Aim of the task: When a line below holds the string "SaturateOnIntegerOverflow", show that line.

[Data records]

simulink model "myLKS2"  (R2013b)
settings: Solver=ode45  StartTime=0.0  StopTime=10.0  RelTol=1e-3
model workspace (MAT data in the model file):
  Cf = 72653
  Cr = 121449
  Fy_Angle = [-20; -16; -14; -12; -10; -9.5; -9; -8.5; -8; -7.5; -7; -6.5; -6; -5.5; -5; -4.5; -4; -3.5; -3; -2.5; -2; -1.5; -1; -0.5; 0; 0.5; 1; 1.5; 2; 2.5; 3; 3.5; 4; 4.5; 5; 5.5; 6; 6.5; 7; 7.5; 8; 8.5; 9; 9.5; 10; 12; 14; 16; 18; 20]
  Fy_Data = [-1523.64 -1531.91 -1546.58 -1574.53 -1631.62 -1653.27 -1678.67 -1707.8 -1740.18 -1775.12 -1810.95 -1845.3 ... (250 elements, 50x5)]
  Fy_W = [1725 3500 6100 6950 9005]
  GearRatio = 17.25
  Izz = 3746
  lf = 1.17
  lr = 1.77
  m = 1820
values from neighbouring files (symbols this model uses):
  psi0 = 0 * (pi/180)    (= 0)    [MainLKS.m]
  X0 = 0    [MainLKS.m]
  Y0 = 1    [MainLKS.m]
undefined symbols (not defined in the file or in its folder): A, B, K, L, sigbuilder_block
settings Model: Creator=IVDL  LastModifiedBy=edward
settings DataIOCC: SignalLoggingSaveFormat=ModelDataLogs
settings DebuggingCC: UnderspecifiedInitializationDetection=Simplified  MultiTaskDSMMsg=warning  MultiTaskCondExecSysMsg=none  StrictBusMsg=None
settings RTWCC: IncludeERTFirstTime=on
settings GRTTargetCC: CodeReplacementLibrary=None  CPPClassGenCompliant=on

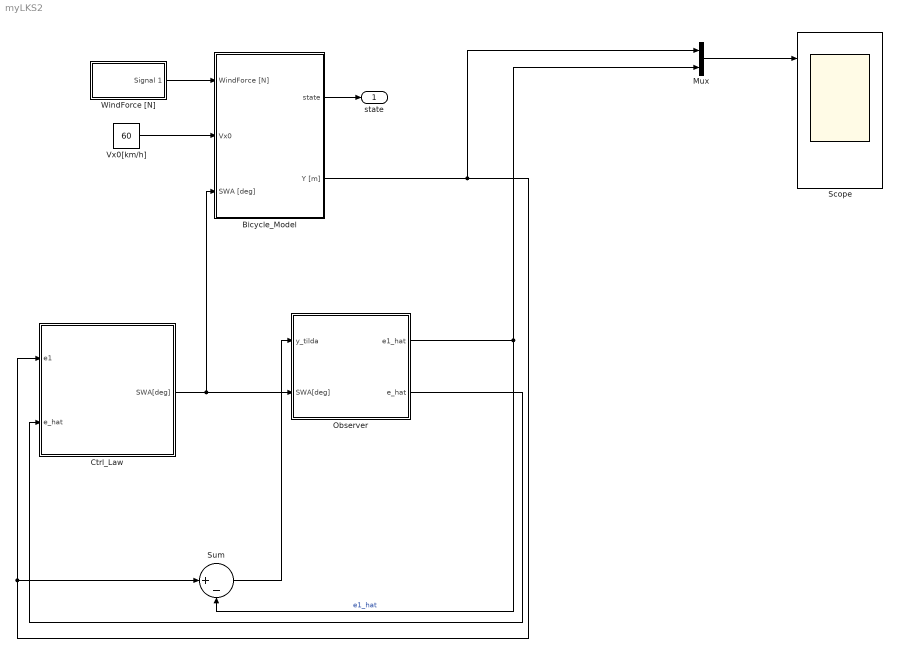
== system myLKS2 ==
  Bicycle_Model : Subsystem
  Ctrl_Law : Subsystem
  Mux : Mux  Inputs=2
  Observer : Subsystem
  Scope : Scope  NumInputPorts=3
      settings: YMin=-5~-5~-5  YMax=5~5~5
  Sum : Sum  Inputs=|+-
  Vx0[km/h] : Constant  Value=60
  WindForce [N] : Subsystem  Tag=STV Subsys  LoadFcn=sigbuilder_block('load');  StartFcn=sigbuilder_block('start');  StopFcn=sigbuilder_block('stop');  ClipboardFcn=sigbuilder_block('clipboard');  mask(Sigbuilder block){}
      mask help: Simulink:masks:SigbuilderBlock_MD
      mask init:
      | if ~strcmp(get_param(bdroot(gcbh),'SimulationStatus'),'stopped') tuvar = sigbuilder_block('maskInit'); end
      settings: CopyFcn=sigbuilder_block('copy');  DeleteFcn=sigbuilder_block('delete');  ModelCloseFcn=sigbuilder_block('modelClose');  PreSaveFcn=sigbuilder_block('preSave');  PauseFcn=sigbuilder_block('pause');  ContinueFcn=sigbuilder_block('continue');  NameChangeFcn=sigbuilder_block('namechange');  OpenFcn=sigbuilder_block('open',[437.25 199.5 550.5 399.75 ]);  CloseFcn=sigbuilder_block('close');
      mask Display: plot(0, 0, 100, 100,[2, 2, 32, 32, 2], [68, 8, 8, 68, 68],[32, 2], [38, 38], [32, 19, 2],[53, 60, 44], [32, 17, 17, 2],[16, 16, 31, 31]);txt = getActiveGroup(gcbh);text(2, 100, txt,'verticalAlignment', 'top');
  state : Outport
  wires:
  WindForce [N]/1(Signal 1) -> Bicycle_Model/1(WindForce [N])
  Sum/1 -> Observer/1(y_tilda)
  Observer/2(e_hat) -> Ctrl_Law/2(e_hat)
  Ctrl_Law/1(SWA[deg]) -> Bicycle_Model/3(SWA [deg]), Observer/2(SWA[deg])
  Observer/1(e1_hat) -> Sum/2, Mux/2  "e1_hat"
  Vx0[km/h]/1 -> Bicycle_Model/2(Vx0)
  Bicycle_Model/1(state) -> state/1
  Bicycle_Model/2(Y [m]) -> Mux/1, Ctrl_Law/1(e1), Sum/1
  Mux/1 -> Scope/1

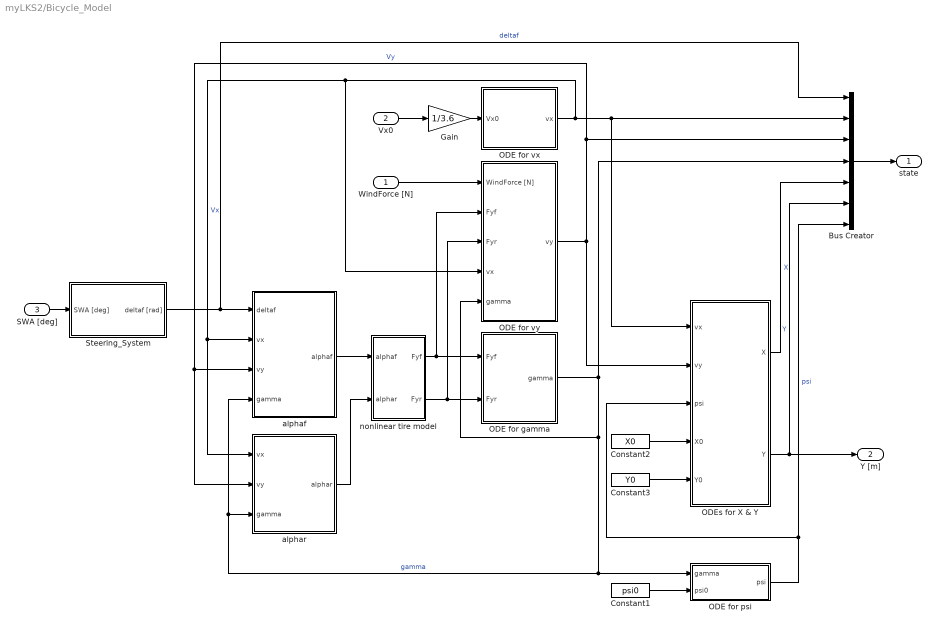
== system myLKS2/Bicycle_Model ==
  WindForce [N] : Inport
  Vx0 : Inport  Port=2
  SWA [deg] : Inport  Port=3
  Bus Creator : BusCreator  Inputs=7
  Constant1 : Constant  Value=psi0
  Constant2 : Constant  Value=X0
  Constant3 : Constant  Value=Y0
  Gain : Gain  Gain=1/3.6
  ODE for gamma : Subsystem
  ODE for psi : Subsystem
  ODE for vx : Subsystem
  ODE for vy : Subsystem
  ODEs for X & Y : Subsystem
  Steering_System : Subsystem
  alphaf : Subsystem
  alphar : Subsystem
  nonlinear tire model : Subsystem
  state : Outport
  Y [m] : Outport  Port=2
  wires:
  alphaf/1(alphaf) -> nonlinear tire model/1(alphaf)
  alphar/1(alphar) -> nonlinear tire model/2(alphar)
  nonlinear tire model/1(Fyf) -> ODE for gamma/1(Fyf), ODE for vy/2(Fyf)
  nonlinear tire model/2(Fyr) -> ODE for gamma/2(Fyr), ODE for vy/3(Fyr)
  ODE for gamma/1(gamma) -> Bus Creator/4, ODE for vy/5(gamma), alphar/3(gamma), alphaf/4(gamma), ODE for psi/1(gamma)  "gamma"
  ODE for vy/1(vy) -> alphaf/3(vy), alphar/2(vy), Bus Creator/3, ODEs for X & Y/2(vy)  "Vy"
  Bus Creator/1 -> state/1
  ODE for vx/1(vx) -> Bus Creator/2, ODEs for X & Y/1(vx), alphaf/2(vx), alphar/1(vx), ODE for vy/4(vx)  "Vx"
  Vx0/1 -> Gain/1
  Constant1/1 -> ODE for psi/2(psi0)
  Gain/1 -> ODE for vx/1(Vx0)
  SWA [deg]/1 -> Steering_System/1(SWA [deg])
  Constant2/1 -> ODEs for X & Y/4(X0)
  Constant3/1 -> ODEs for X & Y/5(Y0)
  ODE for psi/1(psi) -> Bus Creator/7, ODEs for X & Y/3(psi)  "psi"
  ODEs for X & Y/1(X) -> Bus Creator/5  "X"
  ODEs for X & Y/2(Y) -> Bus Creator/6, Y [m]/1  "Y"
  Steering_System/1(deltaf [rad]) -> alphaf/1(deltaf), Bus Creator/1  "deltaf"
  WindForce [N]/1 -> ODE for vy/1(WindForce [N])

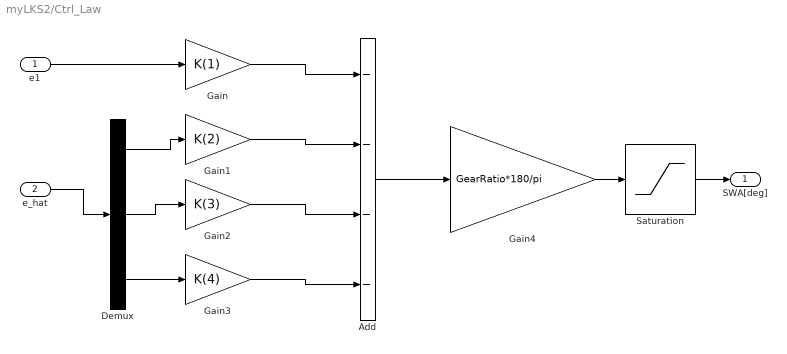
== system myLKS2/Ctrl_Law ==
  e1 : Inport
  e_hat : Inport  Port=2
  Add : Sum  Inputs=----
  Demux : Demux  Outputs=3
  Gain : Gain  Gain=K(1)
  Gain1 : Gain  Gain=K(2)
  Gain2 : Gain  Gain=K(3)
  Gain3 : Gain  Gain=K(4)
  Gain4 : Gain  Gain=GearRatio*180/pi
  Saturation : Saturate  UpperLimit=450  LowerLimit=-450
  SWA[deg] : Outport
  wires:
  Gain1/1 -> Add/2
  Gain/1 -> Add/1
  Gain4/1 -> Saturation/1
  Gain3/1 -> Add/4
  Saturation/1 -> SWA[deg]/1
  Gain2/1 -> Add/3
  Demux/2 -> Gain2/1
  Demux/3 -> Gain3/1
  e_hat/1 -> Demux/1
  Demux/1 -> Gain1/1
  e1/1 -> Gain/1
  Add/1 -> Gain4/1

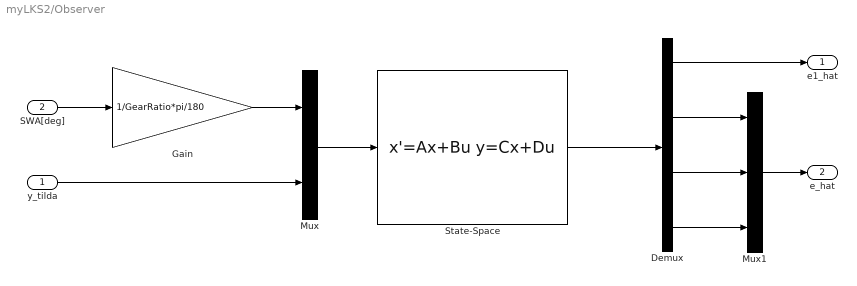
== system myLKS2/Observer ==
  y_tilda : Inport
  SWA[deg] : Inport  Port=2
  Demux : Demux
  Gain : Gain  Gain=1/GearRatio*pi/180
  Mux : Mux  Inputs=2
  Mux1 : Mux  Inputs=3
  State-Space : StateSpace  A=A  B=[B L']  C=diag([1 1 1 1])  D=zeros(4,2)  X0=0  ContinuousStateAttributes={'e1','e1_dot','e2','e2_dot'}
  e1_hat : Outport
  e_hat : Outport  Port=2
  wires:
  SWA[deg]/1 -> Gain/1
  Gain/1 -> Mux/1
  y_tilda/1 -> Mux/2
  State-Space/1 -> Demux/1
  Demux/3 -> Mux1/2
  Mux1/1 -> e_hat/1
  Demux/1 -> e1_hat/1
  Mux/1 -> State-Space/1
  Demux/2 -> Mux1/1
  Demux/4 -> Mux1/3

== system myLKS2/WindForce [N] ==
  Demux : Demux  Tag=STV Demux  Outputs=1
  FromWs : FromWorkspace  Tag=STV FromWs  VariableName=tuvar  SampleTime=0
      SigBuilderData=|
      | common.afterFinalStr = 'Extrapolate'
      | common.sampleTime = 0
      | dataSet.timeRange = [0 10]
      | dataSet.name = 'Group 1'
      | sbobj.Groups.Name = 'Group 1'
      | sbobj.Groups.Signals.Name = 'Signal 1'
      | sbobj.Groups.Signals.XData = [0 1 1 1.1 1.1 10]
      | sbobj.Groups.Signals.YData = [0 0 30 30 0 0]
  Signal 1 : Outport  Tag=STV Outport
  wires:
  Demux/1 -> Signal 1/1
  FromWs/1 -> Demux/1

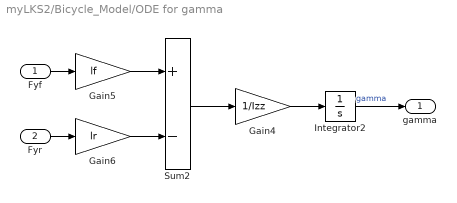
== system myLKS2/Bicycle_Model/ODE for gamma ==
  Fyf : Inport
  Fyr : Inport  Port=2
  Gain4 : Gain  Gain=1/Izz
  Gain5 : Gain  Gain=lf
  Gain6 : Gain  Gain=lr
  Integrator2 : Integrator
  Sum2 : Sum  Inputs=+-
  gamma : Outport
  wires:
  Sum2/1 -> Gain4/1
  Gain4/1 -> Integrator2/1
  Gain5/1 -> Sum2/1
  Gain6/1 -> Sum2/2
  Fyf/1 -> Gain5/1
  Integrator2/1 -> gamma/1  "gamma"
  Fyr/1 -> Gain6/1

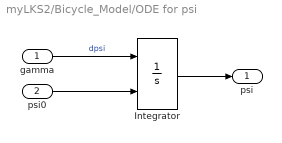
== system myLKS2/Bicycle_Model/ODE for psi ==
  gamma : Inport
  psi0 : Inport  Port=2
  Integrator : Integrator  InitialConditionSource=external
  psi : Outport
  wires:
  gamma/1 -> Integrator/1  "dpsi"
  Integrator/1 -> psi/1
  psi0/1 -> Integrator/2

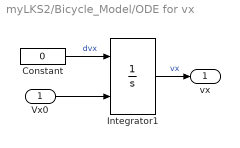
== system myLKS2/Bicycle_Model/ODE for vx ==
  Vx0 : Inport
  Constant : Constant  Value=0
  Integrator1 : Integrator  InitialConditionSource=external  InitialCondition=80/3.6
  vx : Outport
  wires:
  Constant/1 -> Integrator1/1  "dvx"
  Integrator1/1 -> vx/1  "vx"
  Vx0/1 -> Integrator1/2

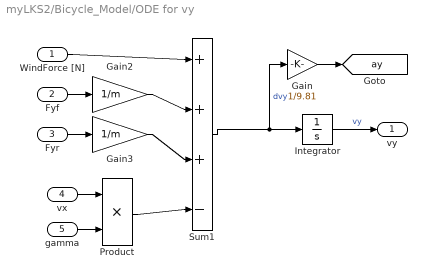
== system myLKS2/Bicycle_Model/ODE for vy ==
  WindForce [N] : Inport
  Fyf : Inport  Port=2
  Fyr : Inport  Port=3
  vx : Inport  Port=4
  gamma : Inport  Port=5
  Gain : Gain  Gain=1/9.81
  Gain2 : Gain  Gain=1/m
  Gain3 : Gain  Gain=1/m
  Integrator : Integrator
  Product : Product  RndMeth=Zero
  Sum1 : Sum  Inputs=+++|-
  vy : Outport
  tag scope: ay=global
  wires:
  Gain2/1 -> Sum1/2
  Gain3/1 -> Sum1/3
  Sum1/1 -> Gain/1, Integrator/1  "dvy"
  Product/1 -> Sum1/4
  Fyf/1 -> Gain2/1
  Fyr/1 -> Gain3/1
  Integrator/1 -> vy/1  "vy"
  vx/1 -> Product/1
  gamma/1 -> Product/2
  Gain/1 -> [ay]
  WindForce [N]/1 -> Sum1/1

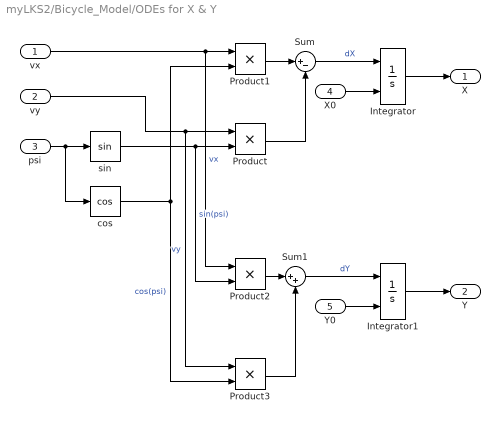
== system myLKS2/Bicycle_Model/ODEs for X & Y ==
  vx : Inport
  vy : Inport  Port=2
  psi : Inport  Port=3
  X0 : Inport  Port=4
  Y0 : Inport  Port=5
  Integrator : Integrator  InitialConditionSource=external  InitialCondition=42.14
  Integrator1 : Integrator  InitialConditionSource=external  InitialCondition=-0.3743
  Product{,1..3} (4 alike) : Product  RndMeth=Zero
  Sum : Sum  Inputs=|+-
  Sum1 : Sum  Inputs=|++
  cos : Trigonometry  Operator=cos
  sin : Trigonometry
  X : Outport
  Y : Outport  Port=2
  wires:
  psi/1 -> sin/1, cos/1
  sin/1 -> Product/2, Product2/2  "sin(psi)"
  vy/1 -> Product/1, Product3/1  "vy"
  vx/1 -> Product1/1, Product2/1  "vx"
  cos/1 -> Product1/2, Product3/2  "cos(psi)"
  Product1/1 -> Sum/1
  Product/1 -> Sum/2
  Sum/1 -> Integrator/1  "dX"
  Product2/1 -> Sum1/1
  Product3/1 -> Sum1/2
  Sum1/1 -> Integrator1/1  "dY"
  Integrator/1 -> X/1
  Integrator1/1 -> Y/1
  X0/1 -> Integrator/2
  Y0/1 -> Integrator1/2

== system myLKS2/Bicycle_Model/Steering_System ==
  SWA [deg] : Inport
  Gain : Gain  Gain=1/GearRatio
  Gain5 : Gain  Gain=pi/180
  deltaf [rad] : Outport
  wires:
  Gain/1 -> Gain5/1
  Gain5/1 -> deltaf [rad]/1
  SWA [deg]/1 -> Gain/1

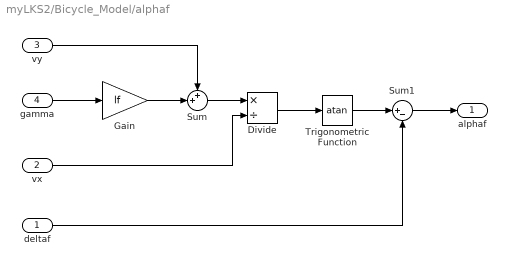
== system myLKS2/Bicycle_Model/alphaf ==
  deltaf : Inport
  vx : Inport  Port=2
  vy : Inport  Port=3
  gamma : Inport  Port=4
  Divide : Product  Inputs=*/
  Gain : Gain  Gain=lf
  Sum : Sum  Inputs=++|
  Sum1 : Sum  Inputs=|+-
  Trigonometric Function : Trigonometry  Operator=atan
  alphaf : Outport
  wires:
  gamma/1 -> Gain/1
  vy/1 -> Sum/1
  Gain/1 -> Sum/2
  Sum/1 -> Divide/1
  vx/1 -> Divide/2
  Divide/1 -> Trigonometric Function/1
  Trigonometric Function/1 -> Sum1/1
  deltaf/1 -> Sum1/2
  Sum1/1 -> alphaf/1

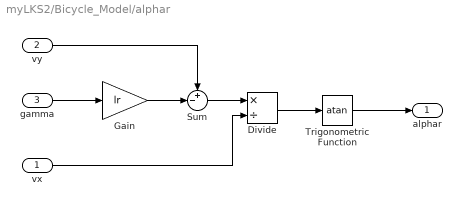
== system myLKS2/Bicycle_Model/alphar ==
  vx : Inport
  vy : Inport  Port=2
  gamma : Inport  Port=3
  Divide : Product  Inputs=*/
  Gain : Gain  Gain=lr
  Sum : Sum  Inputs=+-|
  Trigonometric Function : Trigonometry  Operator=atan
  alphar : Outport
  wires:
  Trigonometric Function/1 -> alphar/1
  Divide/1 -> Trigonometric Function/1
  vx/1 -> Divide/2
  Sum/1 -> Divide/1
  Gain/1 -> Sum/2
  vy/1 -> Sum/1
  gamma/1 -> Gain/1

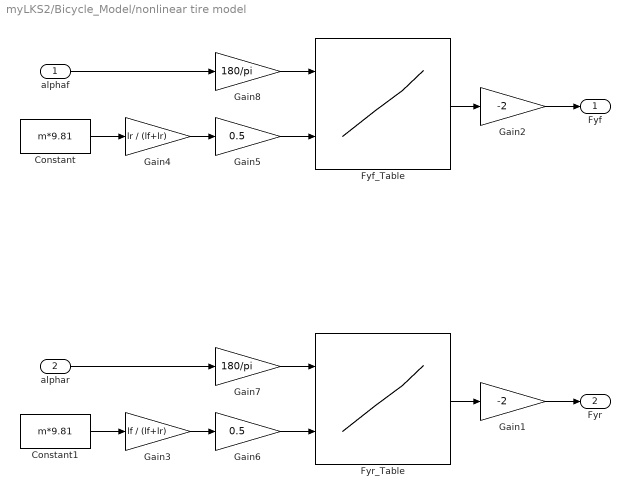
== system myLKS2/Bicycle_Model/nonlinear tire model ==
  alphaf : Inport
  alphar : Inport  Port=2
  Constant : Constant  Value=m*9.81
  Constant1 : Constant  Value=m*9.81
  Fyf_Table : Lookup2D  RowIndex=Fy_Angle  ColumnIndex=Fy_W  Table=Fy_Data  LookUpMeth=Interpolation-Use End Values  SaturateOnIntegerOverflow=on
  Fyr_Table : Lookup2D  RowIndex=Fy_Angle  ColumnIndex=Fy_W  Table=Fy_Data  LookUpMeth=Interpolation-Use End Values  SaturateOnIntegerOverflow=on
  Gain1 : Gain  Gain=-2
  Gain2 : Gain  Gain=-2
  Gain3 : Gain  Gain=lf / (lf+lr)
  Gain4 : Gain  Gain=lr / (lf+lr)
  Gain5 : Gain  Gain=0.5
  Gain6 : Gain  Gain=0.5
  Gain7 : Gain  Gain=180/pi
  Gain8 : Gain  Gain=180/pi
  Fyf : Outport
  Fyr : Outport  Port=2
  wires:
  alphaf/1 -> Gain8/1
  Constant/1 -> Gain4/1
  Gain4/1 -> Gain5/1
  Gain5/1 -> Fyf_Table/2
  Fyf_Table/1 -> Gain2/1
  Gain2/1 -> Fyf/1
  Gain8/1 -> Fyf_Table/1
  alphar/1 -> Gain7/1
  Gain3/1 -> Gain6/1
  Gain6/1 -> Fyr_Table/2
  Fyr_Table/1 -> Gain1/1
  Gain7/1 -> Fyr_Table/1
  Constant1/1 -> Gain3/1
  Gain1/1 -> Fyr/1

Result:
  Fyf_Table : Lookup2D  RowIndex=Fy_Angle  ColumnIndex=Fy_W  Table=Fy_Data  LookUpMeth=Interpolation-Use End Values  SaturateOnIntegerOverflow=on
  Fyr_Table : Lookup2D  RowIndex=Fy_Angle  ColumnIndex=Fy_W  Table=Fy_Data  LookUpMeth=Interpolation-Use End Values  SaturateOnIntegerOverflow=on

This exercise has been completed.